For all to see

Concentration camp in the neighbourhood

"We travel across wastelands that look like moon craters. Everywhere there are people working in prisoner suits. The whole of Germany is a concentration camp."

Concentration camp in the neighbourhood

The satellite camps at Porta Westfalica were built into villages or small towns. In Barkhausen, Neesen and Lerbeck in particular, the camps and their inmates were visible to all residents in the local area each and every day. Although even the women’s camp on Frettholzweg in Hausberge was built away from the centre of the village, there were still some houses and farms within sight of the camp fence and the barracks. The sites where the prisoners were subjected to forced labour, when not underground, were often visible from the outside world. Following the bomb attacks of Minden in December 1944, prisoners from the satellite camps were ordered to clear the rubble on Bäckerstraße.

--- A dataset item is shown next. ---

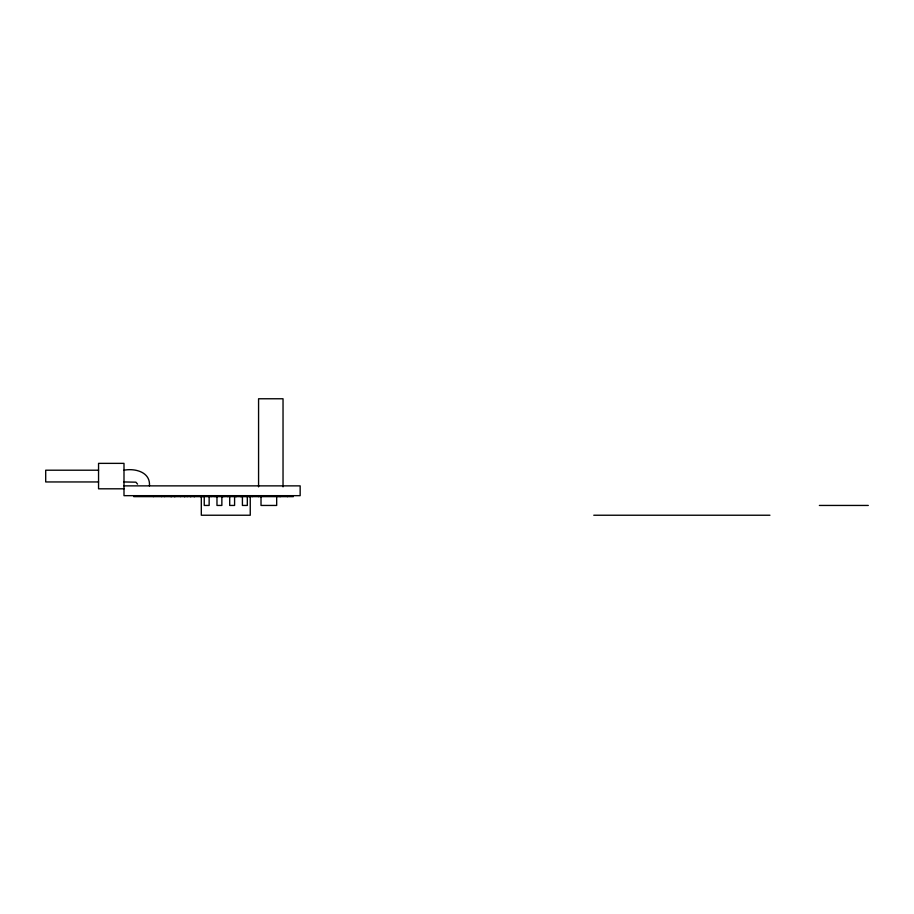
<?xml version="1.0" encoding="UTF-8"?>
<svg xmlns="http://www.w3.org/2000/svg" width="914" height="914" viewBox="0 0 914 914"><rect width="100%" height="100%" fill="white"/><g stroke="black" fill="none" stroke-linecap="round" stroke-linejoin="round"><path stroke-width="1.37" d="M123.996 470.207C134.884 468.094 150.616 471.921 149.439 485.871M98.552 470.207L45.7 470.207L45.7 481.952L98.552 481.952M123.996 481.952L135.912 482.181L137.557 484.112M123.996 485.871L300.158 485.871L300.158 495.662L123.996 495.662L123.996 463.364L98.552 463.364L98.552 488.807L123.996 488.807M819.367 505.442L868.3 505.442M593.769 515.233L769.942 515.233M293.314 495.662L293.314 496.633L133.787 496.633L133.787 495.662M287.442 495.662L287.442 496.633M283.032 486.854L283.032 398.767L258.571 398.767L258.571 486.854M280.587 495.662L280.587 496.633M279.124 495.662L279.124 496.633M276.679 495.662L276.679 505.442L261.016 505.442L261.016 495.662M258.571 495.662L258.571 496.633M252.253 495.662L252.253 496.633M250.253 495.662L250.253 515.233L201.309 515.233L201.309 495.662M249.271 495.662L249.271 496.633M247.797 495.662L247.797 496.633M247.317 495.662L247.317 505.442L242.416 505.442L242.416 495.662M241.924 495.662L241.924 496.633M240.462 495.662L240.462 496.633M236.543 495.662L236.543 496.633M235.081 495.662L235.081 496.633M234.59 495.662L234.59 505.442L229.7 505.442L229.7 495.662M229.208 495.662L229.208 496.633M227.735 495.662L227.735 496.633M223.827 495.662L223.827 496.633M222.353 495.662L222.353 496.633M221.862 495.662L221.862 505.442L216.972 505.442L216.972 495.662M216.481 495.662L216.481 496.633M215.018 495.662L215.018 496.633M211.1 495.662L211.1 496.633M209.146 495.662L209.146 505.442L204.245 505.442L204.245 495.662M202.291 495.662L202.291 496.633M200.726 495.662L200.726 496.633M194.419 495.662L194.419 496.633M194.076 495.662L194.076 496.633M190.935 495.662L190.935 496.633M190.592 495.662L190.592 496.633M187.233 495.662L187.233 496.633M184.788 495.662L184.788 496.633M184.628 495.662L184.628 496.633M180.812 495.662L180.652 496.633M174.997 495.662L174.997 496.633M174.437 495.662L174.437 496.633M171.421 495.662L171.421 496.633M170.861 495.662L170.861 496.633M164.657 495.662L164.657 496.633M161.629 495.662L161.629 496.633M153.358 495.662L153.358 496.633"/></g></svg>
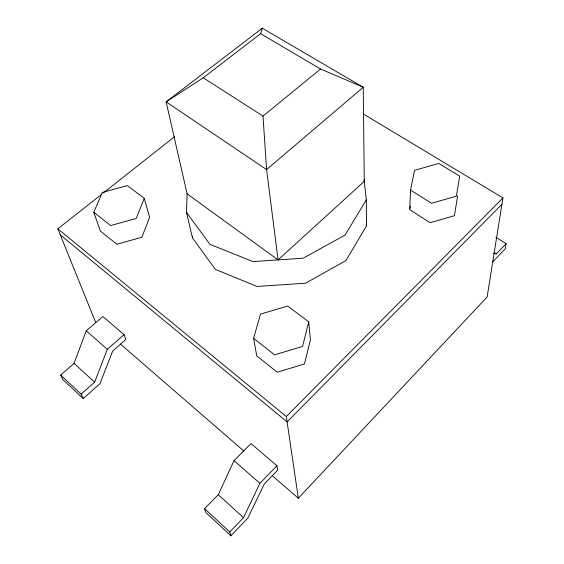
<?xml version="1.0" encoding="UTF-8"?>
<svg xmlns="http://www.w3.org/2000/svg" width="564" height="564" viewBox="0 0 564 564"><rect width="100%" height="100%" fill="white"/><g stroke="black" fill="none" stroke-linecap="round" stroke-linejoin="round"><path stroke-width="0.85" d="M364.09 179.627L366.29 199.896L366.515 225.861L345.972 260.533L305.533 283.213L256.987 286.449L215.293 269.345L192.444 237.832L192.493 236.104M192.444 237.832L186.494 212.445L187.114 193.833L166.119 101.872L262.281 28.2L363.237 87.265L364.274 181.34L278.066 259.898L187.114 193.833M410.571 190.082L431.545 203.273L456.417 196.138L459.681 176.102L438.75 163.475L414.505 170.314L410.571 190.082L409.683 209.625L430.142 222.731L454.422 215.702L457.637 195.856M363.632 114.168L502.933 197.908L487.127 296.988L298.321 498.231L272.426 475.783M495.826 237.232L506.141 243.683L505.252 248.823L492.978 261.661M409.852 208.772L410.352 206.212M308.748 321.868L302.572 346.437L274.597 354.848L253.588 338.287L260.526 314.085L287.718 306.069L308.748 321.868L310.433 339.761L304.44 363.977L277.22 372.226L256.733 355.877L253.588 338.287M278.066 259.898L266.582 169.581L166.119 101.872L203.251 77.797L260.631 33.699L262.281 28.2M74.039 363.406L86.243 330.779L102.909 316.517L124.059 334.656L125.85 339.507L112.624 351.132L99.976 383.675L83.268 398.558L62.83 379.558L60.609 375.06L74.039 363.406L94.646 382.166L81.16 394.123L83.268 398.558M94.646 382.166L107.329 349.299L124.059 334.656M144.264 198.316L136.213 218.444L110.629 225.565L93.758 212.261L102.373 192.409L127.302 185.577L144.264 198.316L149.629 217.316L141.853 237.247L116.896 244.254L100.35 231.05L93.758 212.261M218.289 494.699L234.032 460.619L251.015 443.565L276.917 465.786L277.685 470.115L264.248 484.039L247.934 517.985L230.909 535.8L205.902 512.556L204.577 508.622L218.289 494.699L243.507 517.653L229.759 531.993L230.909 535.8M243.507 517.653L259.912 483.348L276.917 465.786M366.29 199.896L345.041 235.082L303.199 258.192L252.982 261.59L209.949 244.332L186.494 212.445M493.761 253.405L496.299 253.955L506.141 243.683M501.918 204.309L287.118 421.914L60.299 234.878M298.321 498.231L286.329 416.549L502.933 197.908M263 116.106L320.556 69.005L363.237 87.265L266.582 169.581L263 116.106L203.251 77.797M95.788 322.7L57.859 228.829L102.028 193.967M103.409 192.874L174.502 136.763M260.631 33.699L320.556 69.005M494.085 252.552L496.299 253.955M57.859 228.829L286.329 416.549M120.358 343.991L243.874 451.038M86.243 330.779L107.329 349.299M234.032 460.619L259.912 483.348M60.609 375.06L81.16 394.123M204.577 508.622L229.759 531.993M366.332 224.141L366.515 225.861"/></g></svg>

Witnesses and survivors tell of different reactions of the local residents. Although outright assaults such as stones being thrown at passing groups of prisoners were the exception, accounts often describe a sense of indifference as well as a certain familiarisation with people being imprisoned in the Nazi forced labour camps.

The closest contact with the local residents would take place on the construction sites where the prisoners were forced to do labour. Here, it was mostly civilian supervisors who prodded the groups of prisoners to work.

There are only a few documented cases where the civilian population showed any compassion. Occasionally, people would hide food on the prisoners’ route to work or share their own meals on the construction sites when not being observed.